Tal es el caso de la señora RG quien a partir de haber sufrido un golpe en su cabeza fue trasladada a una clínica para la realización de un estudio que descarte alguna consecuencia. Después de que se comprobó que el golpe no le había provocado ninguna lesión, debió permanecer internada y aislada en la clínica 14 catorce días, dado que RG encuadraba en la clasificación de "población sospechosa" de estar infectada por provenir de una residencia. Al regresar, también debió padecer otros 14 días de aislamiento, en este caso por provenir de un centro médico, dando cumplimiento a normativas sanitarias. Gran paradoja del prejuicio humano: la gente mayor que requiere mayor cuidado, se la considera "sospechosa", por lo tanto es aislada.

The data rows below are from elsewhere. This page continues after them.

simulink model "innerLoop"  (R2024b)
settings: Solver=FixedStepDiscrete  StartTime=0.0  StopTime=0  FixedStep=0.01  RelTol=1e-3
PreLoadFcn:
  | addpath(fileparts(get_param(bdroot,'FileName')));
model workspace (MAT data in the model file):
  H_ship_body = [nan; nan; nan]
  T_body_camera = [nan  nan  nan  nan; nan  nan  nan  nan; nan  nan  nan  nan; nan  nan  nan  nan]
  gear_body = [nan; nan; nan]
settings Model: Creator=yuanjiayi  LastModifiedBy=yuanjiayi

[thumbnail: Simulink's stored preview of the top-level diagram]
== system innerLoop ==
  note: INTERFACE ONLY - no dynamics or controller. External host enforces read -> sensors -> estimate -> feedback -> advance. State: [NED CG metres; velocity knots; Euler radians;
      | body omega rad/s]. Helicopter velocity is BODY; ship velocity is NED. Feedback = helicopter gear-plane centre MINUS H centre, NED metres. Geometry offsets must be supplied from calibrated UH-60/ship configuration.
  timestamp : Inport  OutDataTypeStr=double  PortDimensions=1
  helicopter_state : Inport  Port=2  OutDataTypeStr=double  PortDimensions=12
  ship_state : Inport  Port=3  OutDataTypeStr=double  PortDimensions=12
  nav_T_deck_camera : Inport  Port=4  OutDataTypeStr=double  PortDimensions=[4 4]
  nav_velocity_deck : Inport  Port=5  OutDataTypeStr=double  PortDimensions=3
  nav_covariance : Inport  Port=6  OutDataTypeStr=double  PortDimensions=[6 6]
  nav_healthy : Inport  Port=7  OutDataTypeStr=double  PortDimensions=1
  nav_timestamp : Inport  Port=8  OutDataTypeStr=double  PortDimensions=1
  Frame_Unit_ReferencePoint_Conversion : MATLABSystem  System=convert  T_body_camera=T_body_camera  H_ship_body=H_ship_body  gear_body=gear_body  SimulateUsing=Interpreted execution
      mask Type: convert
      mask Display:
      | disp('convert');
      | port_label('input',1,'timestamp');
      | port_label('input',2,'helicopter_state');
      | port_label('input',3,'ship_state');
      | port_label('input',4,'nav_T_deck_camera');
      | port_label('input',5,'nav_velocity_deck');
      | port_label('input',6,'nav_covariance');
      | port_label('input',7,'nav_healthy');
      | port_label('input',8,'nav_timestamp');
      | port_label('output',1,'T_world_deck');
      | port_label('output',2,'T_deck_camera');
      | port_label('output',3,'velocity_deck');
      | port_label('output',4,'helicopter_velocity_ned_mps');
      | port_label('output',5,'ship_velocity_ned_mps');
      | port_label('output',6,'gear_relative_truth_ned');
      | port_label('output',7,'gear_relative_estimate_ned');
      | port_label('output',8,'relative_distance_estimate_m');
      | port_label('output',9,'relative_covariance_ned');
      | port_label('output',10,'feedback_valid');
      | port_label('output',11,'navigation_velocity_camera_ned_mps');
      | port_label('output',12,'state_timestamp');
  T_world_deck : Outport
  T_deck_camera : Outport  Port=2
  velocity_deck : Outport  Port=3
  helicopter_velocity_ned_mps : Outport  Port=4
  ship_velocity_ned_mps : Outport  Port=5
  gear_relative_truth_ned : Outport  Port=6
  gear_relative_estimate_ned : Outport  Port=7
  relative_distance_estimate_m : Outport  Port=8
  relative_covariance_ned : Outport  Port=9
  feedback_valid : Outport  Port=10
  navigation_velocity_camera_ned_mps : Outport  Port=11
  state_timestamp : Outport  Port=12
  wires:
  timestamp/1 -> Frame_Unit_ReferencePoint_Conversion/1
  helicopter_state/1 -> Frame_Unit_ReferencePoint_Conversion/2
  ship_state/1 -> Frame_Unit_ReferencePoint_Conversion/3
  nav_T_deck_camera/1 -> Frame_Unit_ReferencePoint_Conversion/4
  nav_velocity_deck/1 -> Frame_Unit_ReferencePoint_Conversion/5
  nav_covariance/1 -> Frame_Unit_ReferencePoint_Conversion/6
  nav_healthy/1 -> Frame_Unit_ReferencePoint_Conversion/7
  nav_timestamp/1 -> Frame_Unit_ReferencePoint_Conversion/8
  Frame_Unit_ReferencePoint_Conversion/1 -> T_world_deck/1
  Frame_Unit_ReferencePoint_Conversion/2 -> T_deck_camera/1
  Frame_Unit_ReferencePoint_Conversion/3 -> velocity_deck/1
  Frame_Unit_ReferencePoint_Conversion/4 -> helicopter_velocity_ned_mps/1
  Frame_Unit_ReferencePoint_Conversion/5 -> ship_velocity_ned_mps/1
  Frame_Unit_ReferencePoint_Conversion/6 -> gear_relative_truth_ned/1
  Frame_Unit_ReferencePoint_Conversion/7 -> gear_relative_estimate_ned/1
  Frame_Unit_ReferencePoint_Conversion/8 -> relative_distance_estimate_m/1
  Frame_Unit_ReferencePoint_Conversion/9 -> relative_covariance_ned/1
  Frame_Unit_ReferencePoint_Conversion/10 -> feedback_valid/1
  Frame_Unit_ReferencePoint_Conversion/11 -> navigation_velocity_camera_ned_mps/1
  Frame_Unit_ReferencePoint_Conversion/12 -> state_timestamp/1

Los 28 días de aislamiento para confirmar que RG no estaba infectada y que no contagie a terceros, también confirmaron que ella ya no era la misma, ensimismada, angustiada y por momentos irritable. A la semana siguiente, festejó en la residencia sus 90 años sin infección alguna, pero tampoco tuvo la compañía ni afecto de hijos, nietos y familiares, ni la alegría que habría estado presente en tan importante acontecimiento.

 

Así, el adulto mayor, para quien el estímulo y la sociabilización son cruciales para su bienestar y salud psicofísica, padece el periplo de un náufrago sospechoso en cada isla en la que debe arribar en su trajinar de aislado (residencia para mayores e instituciones médicas).

 

Las necesidades de quienes atraviesan esta etapa adulta de la vida son visibles pero no miradas, y sus voces no llegan a ser escuchadas ; en cambio, se visibilizan con tinte sensacionalista y efímero cuando el virus logra invadir alguna residencia de adultos mayores más o menos blindada.

 

Mente y cuerpo son procesos mutuamente relacionados que nos constituye como humanos. En la actual pandemia predominaría cierto enfoque deshumanizado, con una exclusiva atención centralizada en un cuerpo enfermo a curar. Cuando toda mirada atraviesa únicamente el prisma infectológico, pueden quedar inadvertidas necesidades emocionales , de contención y sociales. No se trataría de antinomias sino de una mirada integral de la persona.

 

Sirva esta prueba existencial, en que la condición humana es interpelada en la necesidad de contemplar nuestra unidad cuerpo-mente, acompañar en el sufrimiento, atender las necesidades de los adultos mayores y nos acerque como sociedad en un sabio aprendizaje.